We had 12 teams fish this tournament. Here are the results:

1. Brandon/Jason - 6.38
2. Deerfarmer/PoleBender - 6.33
3. Matt/Joel - 6.00
4. Lundy - 5.75
5. Bob/Alex - 5.48
6. Josh/Greg - 5.27
7. Mike/Cathy - 5.07
8. Endsley/Endsley - 5.03
9. Rutty/Billy - 4.94
10. Richard/Kathleen - 4.83
11. Ken/John - 3.82
12. Jeff/Jeff - didn't weigh in, wife started contractions and had to get!

Thanks everything for fishing this event again this year. I will try to get the dates out early in the year next year and hoping to get a better turn out. Maybe even change the lakes up even.
What are your thoughts?


----------



## deerfarmer (Apr 21, 2012)

Polebender and myself had been fishing alum off and on all summer. We usually could always find some fish. We had a little different strategy for fishing alum. We figured the fishing would be a little tough but we thought A good weight for mid sept would be 6.5lb. We single pole jigged fished with minnows. With all the reports of everyone catching large whites on Friday we didn’t know what to think and just stuck to our game plan. We set up on our first spot and waited for the 8 am start. We caught our first keeper on the first drop and had 8 descent keepers by 8:15. The rest of the day we just kept upgrading and ended up with second. On the way back to the ramp I told polebender I don’t care where we placed we had a great day fishing the way we like and caught a ton of fish.
Ps we also fished Caesar creek tournament Sunday with the same strategy figuring a good weight would be 6.5 and came in third with 6.40 .


----------



## Brahmabull71 (Jul 30, 2014)

We had a great time also! Dad and I always have such a great time fishing together and just hanging out with all the OGF crew also made it super special! Love razzing and heckling each other and the pizza at Cheshire Market was a good time also Friday night!

Friday was just such a great day fishing and I found some awesome fish with the largest going 14.25” over 1.35lbs. I went through 16 dozen minnows all over the lake. Dad didn’t get to fish with me Friday unfortunately, but I felt pretty good with our game plan. We handled plenty of fish Saturday, but just couldn’t find the right fish I had the day before. No complaints as it was a great day with dad! I definitely have to work on my Crappie game! Special thanks to Dgfidler for the use of his Livescope! What an incredible piece of technology!


----------



## Lundy (Apr 5, 2004)

Brahmabull71 said:


> . We handled plenty of fish Saturday, but just couldn’t find the right fish I had the day before.


That was because you fished the saugeye spot for crappie 

It was fun day. I fished solo. I did not get to prefish and had not been on Alum since May. I found some fish in typical places, nothing huge but did manage to catch enough to finish 4th and had the second big crappie at 1.02 lbs. My fish were all caught in 7-12 ft on structure.


----------



## NewbreedFishing (Apr 15, 2004)

WIshed I had known you were solo Kim. I was dinkin around that area and could have joined you.


----------



## Brahmabull71 (Jul 30, 2014)

NewbreedFishing said:


> WIshed I had known you were solo Kim. I was dinkin around that area and could have joined you.
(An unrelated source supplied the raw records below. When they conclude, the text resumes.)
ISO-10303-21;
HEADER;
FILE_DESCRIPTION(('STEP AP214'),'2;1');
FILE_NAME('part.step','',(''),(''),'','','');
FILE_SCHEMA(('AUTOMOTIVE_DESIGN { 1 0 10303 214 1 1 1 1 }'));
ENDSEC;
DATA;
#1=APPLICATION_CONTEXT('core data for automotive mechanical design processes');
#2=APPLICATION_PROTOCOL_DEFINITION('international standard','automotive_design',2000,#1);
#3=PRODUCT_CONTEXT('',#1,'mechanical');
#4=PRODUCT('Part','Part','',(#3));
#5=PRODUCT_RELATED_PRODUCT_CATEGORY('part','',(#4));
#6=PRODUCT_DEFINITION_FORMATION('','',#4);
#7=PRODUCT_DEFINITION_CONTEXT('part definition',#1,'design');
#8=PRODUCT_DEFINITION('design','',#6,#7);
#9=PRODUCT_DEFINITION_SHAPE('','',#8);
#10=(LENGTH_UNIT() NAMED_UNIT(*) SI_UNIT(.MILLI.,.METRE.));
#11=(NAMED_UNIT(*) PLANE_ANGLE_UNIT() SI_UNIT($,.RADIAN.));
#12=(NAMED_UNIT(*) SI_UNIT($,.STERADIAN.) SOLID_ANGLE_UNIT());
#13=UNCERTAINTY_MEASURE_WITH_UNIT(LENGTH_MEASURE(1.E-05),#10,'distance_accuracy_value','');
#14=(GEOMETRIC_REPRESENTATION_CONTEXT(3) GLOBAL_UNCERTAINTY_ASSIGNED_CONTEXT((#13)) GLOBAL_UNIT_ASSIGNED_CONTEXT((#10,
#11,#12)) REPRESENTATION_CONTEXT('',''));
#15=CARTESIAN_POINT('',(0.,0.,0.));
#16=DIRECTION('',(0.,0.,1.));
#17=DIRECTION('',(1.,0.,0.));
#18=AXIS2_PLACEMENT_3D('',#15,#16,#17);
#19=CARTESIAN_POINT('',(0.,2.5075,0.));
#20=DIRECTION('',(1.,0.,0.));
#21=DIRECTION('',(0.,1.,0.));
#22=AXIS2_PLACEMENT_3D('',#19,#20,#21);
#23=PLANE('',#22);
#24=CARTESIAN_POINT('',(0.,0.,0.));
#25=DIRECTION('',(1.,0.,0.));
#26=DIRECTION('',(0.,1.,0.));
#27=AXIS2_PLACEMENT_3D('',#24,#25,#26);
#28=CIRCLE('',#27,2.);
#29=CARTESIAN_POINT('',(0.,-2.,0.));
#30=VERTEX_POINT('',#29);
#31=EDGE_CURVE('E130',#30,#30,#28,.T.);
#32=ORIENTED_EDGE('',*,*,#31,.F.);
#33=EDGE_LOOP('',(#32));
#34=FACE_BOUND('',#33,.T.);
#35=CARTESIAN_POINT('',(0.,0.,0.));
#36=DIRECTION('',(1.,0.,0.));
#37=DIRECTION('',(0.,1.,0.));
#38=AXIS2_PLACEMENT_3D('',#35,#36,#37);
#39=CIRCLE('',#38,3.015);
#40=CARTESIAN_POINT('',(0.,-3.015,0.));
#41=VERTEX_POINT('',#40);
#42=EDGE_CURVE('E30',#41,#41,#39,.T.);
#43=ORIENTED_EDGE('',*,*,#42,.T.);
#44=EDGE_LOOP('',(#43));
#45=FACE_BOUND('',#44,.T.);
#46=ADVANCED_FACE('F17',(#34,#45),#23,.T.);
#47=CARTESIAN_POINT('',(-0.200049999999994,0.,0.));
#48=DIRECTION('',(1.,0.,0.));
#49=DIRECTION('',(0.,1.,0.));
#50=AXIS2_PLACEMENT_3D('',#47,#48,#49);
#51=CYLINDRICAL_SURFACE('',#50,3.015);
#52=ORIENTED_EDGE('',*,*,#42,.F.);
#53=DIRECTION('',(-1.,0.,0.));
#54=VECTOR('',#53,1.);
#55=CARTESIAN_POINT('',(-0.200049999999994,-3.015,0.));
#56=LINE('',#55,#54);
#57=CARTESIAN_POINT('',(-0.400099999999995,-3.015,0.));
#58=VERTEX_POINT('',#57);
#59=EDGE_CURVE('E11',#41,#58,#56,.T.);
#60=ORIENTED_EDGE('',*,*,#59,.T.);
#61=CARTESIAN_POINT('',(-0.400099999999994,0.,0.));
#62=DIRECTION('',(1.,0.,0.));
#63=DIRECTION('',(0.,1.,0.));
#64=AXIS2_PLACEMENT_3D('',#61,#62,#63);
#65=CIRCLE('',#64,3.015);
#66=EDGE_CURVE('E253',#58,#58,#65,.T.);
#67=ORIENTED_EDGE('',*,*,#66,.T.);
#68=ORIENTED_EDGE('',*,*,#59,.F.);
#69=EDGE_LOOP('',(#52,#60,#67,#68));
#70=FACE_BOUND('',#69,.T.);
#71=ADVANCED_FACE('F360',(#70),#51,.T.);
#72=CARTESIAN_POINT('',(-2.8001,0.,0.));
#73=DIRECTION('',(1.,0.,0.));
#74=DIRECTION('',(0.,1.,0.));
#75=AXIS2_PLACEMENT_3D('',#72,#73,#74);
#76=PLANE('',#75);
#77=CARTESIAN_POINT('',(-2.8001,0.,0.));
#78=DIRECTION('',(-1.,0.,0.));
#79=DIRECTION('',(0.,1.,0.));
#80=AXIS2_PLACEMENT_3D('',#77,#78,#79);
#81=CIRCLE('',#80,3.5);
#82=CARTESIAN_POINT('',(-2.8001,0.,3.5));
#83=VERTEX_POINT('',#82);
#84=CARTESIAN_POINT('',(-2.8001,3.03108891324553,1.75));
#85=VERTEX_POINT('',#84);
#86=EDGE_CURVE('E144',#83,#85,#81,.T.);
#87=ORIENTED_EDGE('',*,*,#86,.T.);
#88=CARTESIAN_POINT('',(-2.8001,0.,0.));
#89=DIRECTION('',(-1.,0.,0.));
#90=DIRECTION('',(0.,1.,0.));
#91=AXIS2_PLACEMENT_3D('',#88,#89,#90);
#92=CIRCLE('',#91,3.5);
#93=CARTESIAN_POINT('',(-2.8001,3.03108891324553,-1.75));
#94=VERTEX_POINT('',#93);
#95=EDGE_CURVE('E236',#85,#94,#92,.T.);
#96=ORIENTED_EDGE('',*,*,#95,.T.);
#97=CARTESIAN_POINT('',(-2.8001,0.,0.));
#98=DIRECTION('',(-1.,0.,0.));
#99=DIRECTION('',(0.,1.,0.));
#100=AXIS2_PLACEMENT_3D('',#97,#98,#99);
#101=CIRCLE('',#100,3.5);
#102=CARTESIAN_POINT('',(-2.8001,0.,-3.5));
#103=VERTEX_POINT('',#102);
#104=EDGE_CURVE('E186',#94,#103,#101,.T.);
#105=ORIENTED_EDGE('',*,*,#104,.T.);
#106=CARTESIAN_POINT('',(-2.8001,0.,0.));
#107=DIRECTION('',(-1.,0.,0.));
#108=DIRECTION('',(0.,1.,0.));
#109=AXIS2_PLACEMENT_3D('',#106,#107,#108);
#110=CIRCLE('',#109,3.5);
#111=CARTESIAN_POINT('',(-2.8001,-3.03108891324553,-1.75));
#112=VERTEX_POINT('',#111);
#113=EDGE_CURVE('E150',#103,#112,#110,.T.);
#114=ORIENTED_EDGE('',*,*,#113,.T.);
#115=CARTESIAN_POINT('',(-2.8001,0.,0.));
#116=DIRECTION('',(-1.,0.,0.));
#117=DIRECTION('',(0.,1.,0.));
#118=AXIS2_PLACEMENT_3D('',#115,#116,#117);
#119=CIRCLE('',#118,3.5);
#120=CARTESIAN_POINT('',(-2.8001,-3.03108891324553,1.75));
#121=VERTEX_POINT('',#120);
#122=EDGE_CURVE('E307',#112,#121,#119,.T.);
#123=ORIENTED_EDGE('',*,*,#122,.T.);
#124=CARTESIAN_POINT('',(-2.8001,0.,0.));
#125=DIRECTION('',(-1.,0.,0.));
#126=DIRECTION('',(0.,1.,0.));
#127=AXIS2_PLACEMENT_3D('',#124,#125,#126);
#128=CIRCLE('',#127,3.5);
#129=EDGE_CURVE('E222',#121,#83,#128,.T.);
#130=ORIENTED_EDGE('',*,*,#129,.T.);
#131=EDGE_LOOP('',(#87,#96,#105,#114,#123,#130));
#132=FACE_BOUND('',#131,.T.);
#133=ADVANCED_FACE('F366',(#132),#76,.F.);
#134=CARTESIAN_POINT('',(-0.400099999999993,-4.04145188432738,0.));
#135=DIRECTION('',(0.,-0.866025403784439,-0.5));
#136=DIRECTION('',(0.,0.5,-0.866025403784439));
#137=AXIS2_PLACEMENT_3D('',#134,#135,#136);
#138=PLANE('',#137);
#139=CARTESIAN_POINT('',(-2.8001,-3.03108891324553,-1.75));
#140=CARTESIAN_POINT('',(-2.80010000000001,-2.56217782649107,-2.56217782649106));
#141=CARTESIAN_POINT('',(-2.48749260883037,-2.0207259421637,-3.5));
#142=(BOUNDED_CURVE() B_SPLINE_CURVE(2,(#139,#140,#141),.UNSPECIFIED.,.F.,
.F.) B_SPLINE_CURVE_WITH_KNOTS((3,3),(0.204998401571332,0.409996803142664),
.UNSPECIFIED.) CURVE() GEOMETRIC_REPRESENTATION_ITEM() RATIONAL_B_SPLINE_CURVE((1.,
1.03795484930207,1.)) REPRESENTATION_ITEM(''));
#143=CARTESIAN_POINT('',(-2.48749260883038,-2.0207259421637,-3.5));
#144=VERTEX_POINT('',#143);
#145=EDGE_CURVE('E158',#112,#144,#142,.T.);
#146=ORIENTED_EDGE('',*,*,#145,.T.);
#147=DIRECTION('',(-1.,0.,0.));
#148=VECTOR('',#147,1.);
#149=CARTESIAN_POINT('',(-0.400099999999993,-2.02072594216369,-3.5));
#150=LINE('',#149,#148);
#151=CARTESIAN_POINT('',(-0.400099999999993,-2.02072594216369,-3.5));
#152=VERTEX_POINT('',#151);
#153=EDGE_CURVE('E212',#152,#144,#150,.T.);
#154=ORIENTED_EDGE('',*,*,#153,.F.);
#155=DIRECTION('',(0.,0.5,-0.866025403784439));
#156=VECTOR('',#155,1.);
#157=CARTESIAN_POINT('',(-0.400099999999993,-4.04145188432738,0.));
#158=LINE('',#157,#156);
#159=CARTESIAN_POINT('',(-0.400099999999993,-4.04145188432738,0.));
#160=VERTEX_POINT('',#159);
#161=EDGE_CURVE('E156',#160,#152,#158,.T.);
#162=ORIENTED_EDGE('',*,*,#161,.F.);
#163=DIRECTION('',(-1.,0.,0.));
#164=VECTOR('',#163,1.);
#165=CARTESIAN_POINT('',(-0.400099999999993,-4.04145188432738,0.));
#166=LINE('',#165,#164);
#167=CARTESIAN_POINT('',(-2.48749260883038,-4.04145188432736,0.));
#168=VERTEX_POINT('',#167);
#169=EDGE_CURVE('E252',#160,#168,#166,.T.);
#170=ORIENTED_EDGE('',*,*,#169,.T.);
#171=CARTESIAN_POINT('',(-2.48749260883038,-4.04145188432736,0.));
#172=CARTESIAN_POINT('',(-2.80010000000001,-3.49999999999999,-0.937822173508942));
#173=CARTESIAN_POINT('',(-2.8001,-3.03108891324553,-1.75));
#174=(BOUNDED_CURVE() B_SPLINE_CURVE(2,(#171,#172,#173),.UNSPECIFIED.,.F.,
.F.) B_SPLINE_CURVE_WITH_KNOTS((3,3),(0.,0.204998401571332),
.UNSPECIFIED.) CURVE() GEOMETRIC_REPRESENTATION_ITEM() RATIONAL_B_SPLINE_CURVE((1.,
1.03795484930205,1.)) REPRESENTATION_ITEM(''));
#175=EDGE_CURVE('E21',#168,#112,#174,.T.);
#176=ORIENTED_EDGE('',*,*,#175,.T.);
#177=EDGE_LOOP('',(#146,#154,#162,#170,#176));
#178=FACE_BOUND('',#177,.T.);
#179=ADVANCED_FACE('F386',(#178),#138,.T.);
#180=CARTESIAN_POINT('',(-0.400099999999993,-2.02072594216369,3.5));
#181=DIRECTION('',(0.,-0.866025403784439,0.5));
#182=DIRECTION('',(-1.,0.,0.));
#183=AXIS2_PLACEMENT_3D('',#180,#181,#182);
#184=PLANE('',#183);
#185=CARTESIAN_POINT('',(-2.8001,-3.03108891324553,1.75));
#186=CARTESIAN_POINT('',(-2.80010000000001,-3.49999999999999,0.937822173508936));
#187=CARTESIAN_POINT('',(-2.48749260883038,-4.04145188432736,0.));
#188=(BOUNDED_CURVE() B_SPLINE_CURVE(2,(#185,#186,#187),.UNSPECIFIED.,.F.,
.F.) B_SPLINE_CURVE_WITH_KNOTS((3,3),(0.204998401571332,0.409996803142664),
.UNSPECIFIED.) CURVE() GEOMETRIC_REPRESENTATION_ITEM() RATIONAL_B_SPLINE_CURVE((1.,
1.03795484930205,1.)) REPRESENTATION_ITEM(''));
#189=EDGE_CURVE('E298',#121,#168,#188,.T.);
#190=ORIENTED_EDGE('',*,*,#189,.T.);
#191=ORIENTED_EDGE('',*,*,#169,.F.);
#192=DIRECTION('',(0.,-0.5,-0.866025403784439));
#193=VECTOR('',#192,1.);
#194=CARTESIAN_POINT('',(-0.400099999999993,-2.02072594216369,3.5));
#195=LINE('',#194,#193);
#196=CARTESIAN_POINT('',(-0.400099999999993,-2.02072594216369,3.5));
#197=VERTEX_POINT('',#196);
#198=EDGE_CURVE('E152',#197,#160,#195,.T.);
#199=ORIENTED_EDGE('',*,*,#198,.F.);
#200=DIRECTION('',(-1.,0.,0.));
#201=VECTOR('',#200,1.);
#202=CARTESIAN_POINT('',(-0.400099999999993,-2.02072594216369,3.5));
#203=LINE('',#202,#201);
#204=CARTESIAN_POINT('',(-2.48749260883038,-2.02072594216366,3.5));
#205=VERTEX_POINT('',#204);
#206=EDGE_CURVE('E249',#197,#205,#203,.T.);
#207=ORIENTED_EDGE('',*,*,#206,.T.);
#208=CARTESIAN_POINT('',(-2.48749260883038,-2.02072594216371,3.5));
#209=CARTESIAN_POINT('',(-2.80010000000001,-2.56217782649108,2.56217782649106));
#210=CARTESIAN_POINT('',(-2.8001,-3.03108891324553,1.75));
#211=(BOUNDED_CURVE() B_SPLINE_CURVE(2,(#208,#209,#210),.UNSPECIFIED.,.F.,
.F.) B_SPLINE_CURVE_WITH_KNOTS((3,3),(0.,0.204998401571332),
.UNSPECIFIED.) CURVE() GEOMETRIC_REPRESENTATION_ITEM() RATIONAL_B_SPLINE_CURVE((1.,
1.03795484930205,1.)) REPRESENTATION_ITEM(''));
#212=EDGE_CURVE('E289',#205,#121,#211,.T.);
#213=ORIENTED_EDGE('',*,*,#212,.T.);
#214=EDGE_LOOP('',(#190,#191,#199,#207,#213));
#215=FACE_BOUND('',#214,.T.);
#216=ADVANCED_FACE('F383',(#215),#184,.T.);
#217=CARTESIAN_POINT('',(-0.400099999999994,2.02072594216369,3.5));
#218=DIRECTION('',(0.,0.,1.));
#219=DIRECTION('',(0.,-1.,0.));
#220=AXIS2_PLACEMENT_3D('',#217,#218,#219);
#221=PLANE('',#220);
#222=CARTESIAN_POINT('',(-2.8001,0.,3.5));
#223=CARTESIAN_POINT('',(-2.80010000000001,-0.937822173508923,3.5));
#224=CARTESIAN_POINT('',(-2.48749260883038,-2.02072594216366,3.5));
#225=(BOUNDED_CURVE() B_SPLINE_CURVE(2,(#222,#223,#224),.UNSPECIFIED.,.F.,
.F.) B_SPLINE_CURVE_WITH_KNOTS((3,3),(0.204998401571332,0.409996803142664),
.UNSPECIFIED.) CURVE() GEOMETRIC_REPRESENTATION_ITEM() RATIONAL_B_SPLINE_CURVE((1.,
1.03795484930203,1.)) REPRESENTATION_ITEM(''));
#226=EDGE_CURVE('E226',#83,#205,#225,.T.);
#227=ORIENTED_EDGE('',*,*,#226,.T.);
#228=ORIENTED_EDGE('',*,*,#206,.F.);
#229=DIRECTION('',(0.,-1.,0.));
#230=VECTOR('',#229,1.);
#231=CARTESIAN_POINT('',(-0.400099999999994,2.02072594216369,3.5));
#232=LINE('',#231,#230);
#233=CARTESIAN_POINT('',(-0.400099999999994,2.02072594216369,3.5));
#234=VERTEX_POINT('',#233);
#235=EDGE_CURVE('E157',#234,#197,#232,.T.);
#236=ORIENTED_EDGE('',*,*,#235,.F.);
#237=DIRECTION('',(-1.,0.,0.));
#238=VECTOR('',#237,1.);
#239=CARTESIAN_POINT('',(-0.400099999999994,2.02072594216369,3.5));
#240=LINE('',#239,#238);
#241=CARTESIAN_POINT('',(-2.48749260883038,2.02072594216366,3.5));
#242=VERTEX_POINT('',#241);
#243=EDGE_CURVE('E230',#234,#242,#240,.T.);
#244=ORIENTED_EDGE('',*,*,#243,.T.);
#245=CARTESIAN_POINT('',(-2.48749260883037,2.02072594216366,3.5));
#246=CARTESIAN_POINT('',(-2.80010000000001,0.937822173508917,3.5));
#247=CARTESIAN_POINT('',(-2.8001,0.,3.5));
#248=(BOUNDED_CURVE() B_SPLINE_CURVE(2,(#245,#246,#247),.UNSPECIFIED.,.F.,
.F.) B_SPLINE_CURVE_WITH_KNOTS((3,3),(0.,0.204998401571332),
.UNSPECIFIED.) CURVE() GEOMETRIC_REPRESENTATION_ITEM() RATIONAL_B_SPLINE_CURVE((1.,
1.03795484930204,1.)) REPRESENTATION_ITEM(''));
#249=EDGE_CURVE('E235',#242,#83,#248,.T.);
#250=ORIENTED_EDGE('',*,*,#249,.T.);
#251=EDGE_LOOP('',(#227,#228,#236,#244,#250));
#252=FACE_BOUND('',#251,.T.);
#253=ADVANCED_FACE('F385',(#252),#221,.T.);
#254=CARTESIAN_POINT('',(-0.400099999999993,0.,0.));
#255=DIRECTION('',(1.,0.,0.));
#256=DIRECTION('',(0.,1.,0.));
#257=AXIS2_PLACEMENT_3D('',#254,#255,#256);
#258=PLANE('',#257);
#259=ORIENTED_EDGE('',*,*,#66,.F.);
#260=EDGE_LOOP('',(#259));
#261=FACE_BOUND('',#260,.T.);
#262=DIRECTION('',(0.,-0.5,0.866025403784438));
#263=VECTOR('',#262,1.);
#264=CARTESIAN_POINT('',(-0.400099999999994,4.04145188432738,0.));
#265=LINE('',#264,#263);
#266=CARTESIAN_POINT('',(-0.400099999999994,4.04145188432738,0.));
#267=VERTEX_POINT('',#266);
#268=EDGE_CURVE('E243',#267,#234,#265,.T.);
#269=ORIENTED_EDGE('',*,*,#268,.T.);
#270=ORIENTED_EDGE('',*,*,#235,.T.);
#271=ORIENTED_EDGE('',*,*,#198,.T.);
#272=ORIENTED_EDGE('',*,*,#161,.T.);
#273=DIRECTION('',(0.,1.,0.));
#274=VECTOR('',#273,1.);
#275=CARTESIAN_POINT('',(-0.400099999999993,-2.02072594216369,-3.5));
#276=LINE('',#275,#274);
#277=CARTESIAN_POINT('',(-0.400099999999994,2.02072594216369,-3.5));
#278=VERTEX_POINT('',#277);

Mitch, he obviously didn’t need the help


----------



## NewbreedFishing (Apr 15, 2004)

Surely he woudn't have minded a masterbaiter/netman. 

My record still stands!
1.92lbs


----------



## Lundy (Apr 5, 2004)

Greg,

Thanks for keep this OGF crappie tourney tradition alive.

The lakes you chose are fine with me and make sense, they are two of the better lakes for consistency at the times of the year these occur.

The problem with Alum this year was it was the day before the COCC and the weather was way too nice. The warm weather for a over week, the water temps staying in the mid to upper 70's Sunshine, light winds, and 85 degrees just brings out the pleasure boaters in huge numbers. If it would have been, water temp in the 60's, 65 degree air temp and cloudy it would have been a great day for fishing.

As bad as Alum was for boat traffic on Saturday it was very tame compared to Ceasers Creek on Sunday. That was a mess!!!

An Alum in early November would be fun to try, we sure wouldn't have to fight the pleasure boaters or other tourneys and the fish would be stacked and hungry. I think that would be fun and might draw more participation, just not 100% sure.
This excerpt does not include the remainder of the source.